Wavelet compression, determinism and time series forecasting

We do not want to merely recognize patterns; we want to find the patterns that are there to be recognized. We do not only want to forecast; we want to know the hidden mechanisms that make the forecasts work. The point, in other words, is to find the causal, dynamical structure intrinsic to the process we are investigating, ideally to extract all the patterns in it that have any predictive power.

An Algorithm for Pattern Discovery in Time Series by Cosma Rohilla Shalizi, Kristina Liza Shalizi and James P. Crutchfield, Santa Fe Institute Working Paper 02-10-060, November 2002


Under Construction


Abstract

This web page examines lossless wavelet compression as a tool for time series forecasting. Several simple time series "predictors" are developed. These predictors are applied to synthetic random time series and to stock market time series. The amount of noise (or non-determinism) is examined using wavelet compression and several other techniques, for the purposes of comparison. Various simple statistical tools are used for analyzing the predictors and the time series, including correlation and the autocorrelation function.

Forecasting the Future

Humans have always wanted to forecast the future. In caves lit by tallow lamps whose flicker lit paintings of bison and antelope, shamans threw marked bones to foretell the future. The Greeks of classical history consulted oracles, the most famous being the oracle at Delphi.

The prehistoric shaman asked whether the hunt would succeed or asked where the tribe should travel to find the animal herds. The Greek oracles were asked if an endevor would succeed or what course of action should be followed. These are all questions involving long term forecasting. Long term forecasts have the most potential profit, but also high uncertainty. As the accuracy of modern economic forecasts demonstrates, long term forecasting is fraught with error. This web page deals with short term forecasting. Less profit exists in short term forecasts, but there is less error and there is some hope of quantifying this error.

Within a limited scope, modern computers, mathematics and algorithms give forecasting an empirical foundation. Successful short term forecasting is based on the statistical properties of a data set. If an underlying deterministic process generated the time series that we are attempting to forecast, a forecasting technique may have some hope of success. In practice the deterministic process may be very complex (e.g., a market). The future is always unknown and to some extent, unknowable. Forecasting is always imperfect, but this is not the same as useless.

A proposed forecasting technique can be tested on a subset of past data (an "in-sample" test) and retested on an "out-of-sample" subset. Rigorous testing on past data sets provides some indication of how reliable the forecasting technique may be when used to infer future values from past values.

Time Series and Determinism

A time series is a data set where each data element sk is associated with a time element tk. Examples of time series include the water level of the Nile river in Egypt, sun spots, the stock market close price for IBM, a digital recording of a Jazz pianist playing at a night club (in this case the time component of the time series is determined by the sampling rate) and the neutron emission of a radioactive element as the element decays.

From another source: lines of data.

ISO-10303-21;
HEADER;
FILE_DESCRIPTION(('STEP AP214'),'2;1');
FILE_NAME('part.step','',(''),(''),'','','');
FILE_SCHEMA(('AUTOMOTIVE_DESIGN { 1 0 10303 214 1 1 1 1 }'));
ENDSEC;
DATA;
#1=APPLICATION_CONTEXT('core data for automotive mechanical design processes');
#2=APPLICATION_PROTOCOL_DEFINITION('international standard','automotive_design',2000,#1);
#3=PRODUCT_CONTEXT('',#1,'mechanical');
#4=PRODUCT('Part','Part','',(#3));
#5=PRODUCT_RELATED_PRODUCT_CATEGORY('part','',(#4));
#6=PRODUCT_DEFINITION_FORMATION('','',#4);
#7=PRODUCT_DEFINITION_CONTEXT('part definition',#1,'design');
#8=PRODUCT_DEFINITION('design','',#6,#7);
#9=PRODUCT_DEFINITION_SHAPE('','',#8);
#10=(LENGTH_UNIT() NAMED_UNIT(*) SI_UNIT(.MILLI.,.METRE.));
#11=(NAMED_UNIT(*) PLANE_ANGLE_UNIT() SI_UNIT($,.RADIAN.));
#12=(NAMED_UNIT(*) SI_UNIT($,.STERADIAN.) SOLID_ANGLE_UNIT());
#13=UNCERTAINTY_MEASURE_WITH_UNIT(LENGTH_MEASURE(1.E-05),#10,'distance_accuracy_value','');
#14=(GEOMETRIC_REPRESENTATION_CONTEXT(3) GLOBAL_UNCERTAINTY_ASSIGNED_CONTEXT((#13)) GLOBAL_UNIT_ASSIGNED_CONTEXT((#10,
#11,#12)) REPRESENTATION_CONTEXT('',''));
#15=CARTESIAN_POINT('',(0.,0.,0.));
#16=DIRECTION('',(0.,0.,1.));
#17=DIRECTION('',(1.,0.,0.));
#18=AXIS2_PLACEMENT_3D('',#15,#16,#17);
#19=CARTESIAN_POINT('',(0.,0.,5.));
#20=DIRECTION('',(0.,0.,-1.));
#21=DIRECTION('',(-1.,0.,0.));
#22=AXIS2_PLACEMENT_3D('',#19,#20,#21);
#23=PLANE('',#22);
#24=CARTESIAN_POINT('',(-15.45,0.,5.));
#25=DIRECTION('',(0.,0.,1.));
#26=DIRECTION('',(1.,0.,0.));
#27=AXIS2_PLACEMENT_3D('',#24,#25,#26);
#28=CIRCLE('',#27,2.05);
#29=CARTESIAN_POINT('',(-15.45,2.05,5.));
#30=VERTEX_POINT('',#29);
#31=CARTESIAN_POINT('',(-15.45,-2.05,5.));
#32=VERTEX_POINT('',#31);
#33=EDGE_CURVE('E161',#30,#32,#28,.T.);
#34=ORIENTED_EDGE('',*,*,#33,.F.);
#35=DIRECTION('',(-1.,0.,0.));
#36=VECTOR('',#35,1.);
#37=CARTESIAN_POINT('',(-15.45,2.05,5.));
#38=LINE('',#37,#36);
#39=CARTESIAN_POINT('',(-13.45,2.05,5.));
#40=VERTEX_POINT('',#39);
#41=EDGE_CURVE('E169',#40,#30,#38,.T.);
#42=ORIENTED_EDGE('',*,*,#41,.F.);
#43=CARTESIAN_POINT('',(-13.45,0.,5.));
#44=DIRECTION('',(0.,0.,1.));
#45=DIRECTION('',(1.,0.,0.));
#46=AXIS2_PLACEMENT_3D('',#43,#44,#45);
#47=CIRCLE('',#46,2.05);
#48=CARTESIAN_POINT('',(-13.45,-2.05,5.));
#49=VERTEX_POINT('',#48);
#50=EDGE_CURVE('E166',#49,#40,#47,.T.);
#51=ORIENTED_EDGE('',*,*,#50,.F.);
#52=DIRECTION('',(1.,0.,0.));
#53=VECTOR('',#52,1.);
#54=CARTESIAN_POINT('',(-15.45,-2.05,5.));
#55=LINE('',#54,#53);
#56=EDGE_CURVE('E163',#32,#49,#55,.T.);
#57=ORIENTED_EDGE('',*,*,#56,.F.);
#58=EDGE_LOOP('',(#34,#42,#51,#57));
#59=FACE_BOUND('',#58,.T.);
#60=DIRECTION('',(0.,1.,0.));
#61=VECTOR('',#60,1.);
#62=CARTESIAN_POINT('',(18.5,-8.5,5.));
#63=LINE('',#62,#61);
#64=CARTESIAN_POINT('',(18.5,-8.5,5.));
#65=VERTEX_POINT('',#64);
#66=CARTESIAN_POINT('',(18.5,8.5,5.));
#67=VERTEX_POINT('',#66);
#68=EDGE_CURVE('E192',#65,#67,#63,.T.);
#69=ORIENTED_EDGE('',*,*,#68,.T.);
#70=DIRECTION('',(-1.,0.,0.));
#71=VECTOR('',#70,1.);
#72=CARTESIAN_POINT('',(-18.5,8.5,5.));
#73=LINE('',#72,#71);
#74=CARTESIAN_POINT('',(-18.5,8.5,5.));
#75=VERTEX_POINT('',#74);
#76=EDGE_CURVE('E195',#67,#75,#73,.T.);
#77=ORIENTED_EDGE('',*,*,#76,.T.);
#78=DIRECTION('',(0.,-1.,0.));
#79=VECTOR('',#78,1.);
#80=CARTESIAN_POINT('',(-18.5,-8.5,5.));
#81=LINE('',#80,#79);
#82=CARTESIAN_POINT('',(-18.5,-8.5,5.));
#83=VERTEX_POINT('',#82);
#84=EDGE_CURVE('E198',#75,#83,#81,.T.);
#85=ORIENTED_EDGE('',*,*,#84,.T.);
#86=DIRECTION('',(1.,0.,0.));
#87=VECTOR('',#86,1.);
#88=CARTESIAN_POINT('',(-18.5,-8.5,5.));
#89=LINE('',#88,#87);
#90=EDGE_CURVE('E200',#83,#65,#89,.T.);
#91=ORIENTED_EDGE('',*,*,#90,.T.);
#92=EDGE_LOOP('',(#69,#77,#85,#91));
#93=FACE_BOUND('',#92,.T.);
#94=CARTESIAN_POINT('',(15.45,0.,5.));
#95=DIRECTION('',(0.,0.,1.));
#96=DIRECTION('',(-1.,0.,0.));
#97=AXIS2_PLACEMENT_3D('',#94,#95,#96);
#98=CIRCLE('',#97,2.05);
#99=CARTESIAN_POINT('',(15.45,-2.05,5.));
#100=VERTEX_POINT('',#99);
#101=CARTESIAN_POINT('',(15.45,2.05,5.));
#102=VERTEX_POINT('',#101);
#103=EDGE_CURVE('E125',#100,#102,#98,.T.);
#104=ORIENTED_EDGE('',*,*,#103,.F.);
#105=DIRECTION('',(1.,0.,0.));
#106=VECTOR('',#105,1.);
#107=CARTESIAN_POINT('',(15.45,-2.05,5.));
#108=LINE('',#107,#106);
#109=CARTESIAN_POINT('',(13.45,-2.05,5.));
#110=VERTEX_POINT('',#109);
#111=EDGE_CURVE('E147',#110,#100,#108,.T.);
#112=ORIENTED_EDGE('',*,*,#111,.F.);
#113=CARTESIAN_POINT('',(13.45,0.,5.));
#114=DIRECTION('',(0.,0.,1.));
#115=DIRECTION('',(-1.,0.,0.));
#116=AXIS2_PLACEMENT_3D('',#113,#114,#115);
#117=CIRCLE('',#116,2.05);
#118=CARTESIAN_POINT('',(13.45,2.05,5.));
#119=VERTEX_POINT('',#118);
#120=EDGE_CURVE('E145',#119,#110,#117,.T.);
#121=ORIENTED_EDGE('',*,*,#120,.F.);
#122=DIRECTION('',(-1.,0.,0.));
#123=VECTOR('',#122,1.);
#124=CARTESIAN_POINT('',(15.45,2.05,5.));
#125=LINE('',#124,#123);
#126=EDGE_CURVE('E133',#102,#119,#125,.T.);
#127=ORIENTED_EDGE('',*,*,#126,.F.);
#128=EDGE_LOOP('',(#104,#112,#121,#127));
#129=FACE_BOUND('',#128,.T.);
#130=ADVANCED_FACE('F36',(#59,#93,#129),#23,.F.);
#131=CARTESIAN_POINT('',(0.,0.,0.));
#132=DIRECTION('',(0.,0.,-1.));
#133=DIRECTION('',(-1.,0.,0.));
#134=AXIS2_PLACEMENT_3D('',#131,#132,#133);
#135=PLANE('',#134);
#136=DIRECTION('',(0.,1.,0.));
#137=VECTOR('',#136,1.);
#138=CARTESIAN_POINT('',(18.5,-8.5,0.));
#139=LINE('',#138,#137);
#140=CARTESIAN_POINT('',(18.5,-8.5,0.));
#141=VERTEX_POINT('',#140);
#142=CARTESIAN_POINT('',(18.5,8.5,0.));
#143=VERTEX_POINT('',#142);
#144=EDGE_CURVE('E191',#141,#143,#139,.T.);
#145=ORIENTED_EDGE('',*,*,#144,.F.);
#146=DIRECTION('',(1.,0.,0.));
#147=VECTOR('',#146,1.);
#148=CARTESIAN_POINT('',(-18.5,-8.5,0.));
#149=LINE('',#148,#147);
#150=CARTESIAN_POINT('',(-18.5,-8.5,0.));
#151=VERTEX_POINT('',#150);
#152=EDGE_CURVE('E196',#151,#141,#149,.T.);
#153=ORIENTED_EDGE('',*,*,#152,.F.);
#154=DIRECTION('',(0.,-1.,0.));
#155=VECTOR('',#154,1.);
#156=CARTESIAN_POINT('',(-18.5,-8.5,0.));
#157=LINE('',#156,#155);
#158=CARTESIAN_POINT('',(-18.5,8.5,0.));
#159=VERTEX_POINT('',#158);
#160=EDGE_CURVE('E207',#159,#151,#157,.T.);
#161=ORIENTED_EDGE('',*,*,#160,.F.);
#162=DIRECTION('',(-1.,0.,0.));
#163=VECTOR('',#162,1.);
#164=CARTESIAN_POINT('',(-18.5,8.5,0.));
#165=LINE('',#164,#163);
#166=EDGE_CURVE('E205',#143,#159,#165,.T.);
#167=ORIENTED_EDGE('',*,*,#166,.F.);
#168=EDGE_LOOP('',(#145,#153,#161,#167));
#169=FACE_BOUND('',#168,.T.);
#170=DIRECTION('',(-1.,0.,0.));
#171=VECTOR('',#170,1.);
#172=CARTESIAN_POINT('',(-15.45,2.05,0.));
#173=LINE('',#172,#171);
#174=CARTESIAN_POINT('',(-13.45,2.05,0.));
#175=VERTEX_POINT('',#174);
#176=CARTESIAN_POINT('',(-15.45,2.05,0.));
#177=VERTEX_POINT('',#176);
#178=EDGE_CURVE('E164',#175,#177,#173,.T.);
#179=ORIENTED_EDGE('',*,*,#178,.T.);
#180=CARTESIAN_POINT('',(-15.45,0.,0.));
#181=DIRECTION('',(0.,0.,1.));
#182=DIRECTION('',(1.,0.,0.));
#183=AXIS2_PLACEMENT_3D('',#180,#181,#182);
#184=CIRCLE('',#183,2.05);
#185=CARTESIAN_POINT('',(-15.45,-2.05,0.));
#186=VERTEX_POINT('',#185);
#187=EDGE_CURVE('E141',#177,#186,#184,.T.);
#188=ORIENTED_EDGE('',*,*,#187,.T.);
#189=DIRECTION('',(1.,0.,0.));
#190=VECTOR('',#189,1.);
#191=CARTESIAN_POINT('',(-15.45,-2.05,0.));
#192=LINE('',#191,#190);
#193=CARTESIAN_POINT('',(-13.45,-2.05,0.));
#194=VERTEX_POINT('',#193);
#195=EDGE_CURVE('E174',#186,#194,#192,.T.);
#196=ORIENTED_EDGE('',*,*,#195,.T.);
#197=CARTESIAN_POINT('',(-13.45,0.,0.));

Radioactive decay is an entirely random process and quantum mechanics states that it is unpredictable (as Schrödinger's cat can attest). The other time series I have listed above all result from some underlying deterministic process. For example, seasonal flooding of the Nile river, the action of buyers and sellers in a stock market or a Jazz scale. The determinism in these time series may be intermixed with non-deterministic data (e.g., noise).

There is a sizable literature on time series forecasting and a variety of sophisticated techniques have been applied to this problem. The success of any forecasting technique depends on the presence of an underlying deterministic process that generated the time series. No matter how powerful the forecasting technique is, a random process like radioactive decay cannot be predicted. Although the exact day of the month that the Nile flood starts cannot be predicted, the fact that the river level rose yesterday makes it more likely to rise today.

Wavelet Compression

The trade-off between return and risk plays a prominent role in many financial theories and models, such as Modern Portfolio theory and option pricing. Given that volatility is often regarded as a measure of this risk, one is interested not only in obtaining accurate forecasts of returns on financial assets, but also in forecasts of the associated volatility. Much recent evidence shows that volatility of financial assets is not constant, but rather that relatively volatile periods alternate with more tranquil ones. Thus, there may be opportunities to obtain forecasts of this time-varying risk.

From the Introduction in Non-linear time series models in empirical finance by Philip Hans Franses and Dick van Dijk, Cambridge University Press, 2000

Wavelet compression provides one measure for estimating the amount of determinism in a time series. If we have a wavelet function that approximates a data set, then data that cannot be approximated is non-deterministic, relative to the approximation function (for a related discussion see Predict Wavelets: wavelets viewed as compression and Lossless Wavelet Compression). If a wavelet approximation function is matched with the forecasting function, the wavelet estimation of determinism provides an indication of how accurate the result of the forecasting function may be.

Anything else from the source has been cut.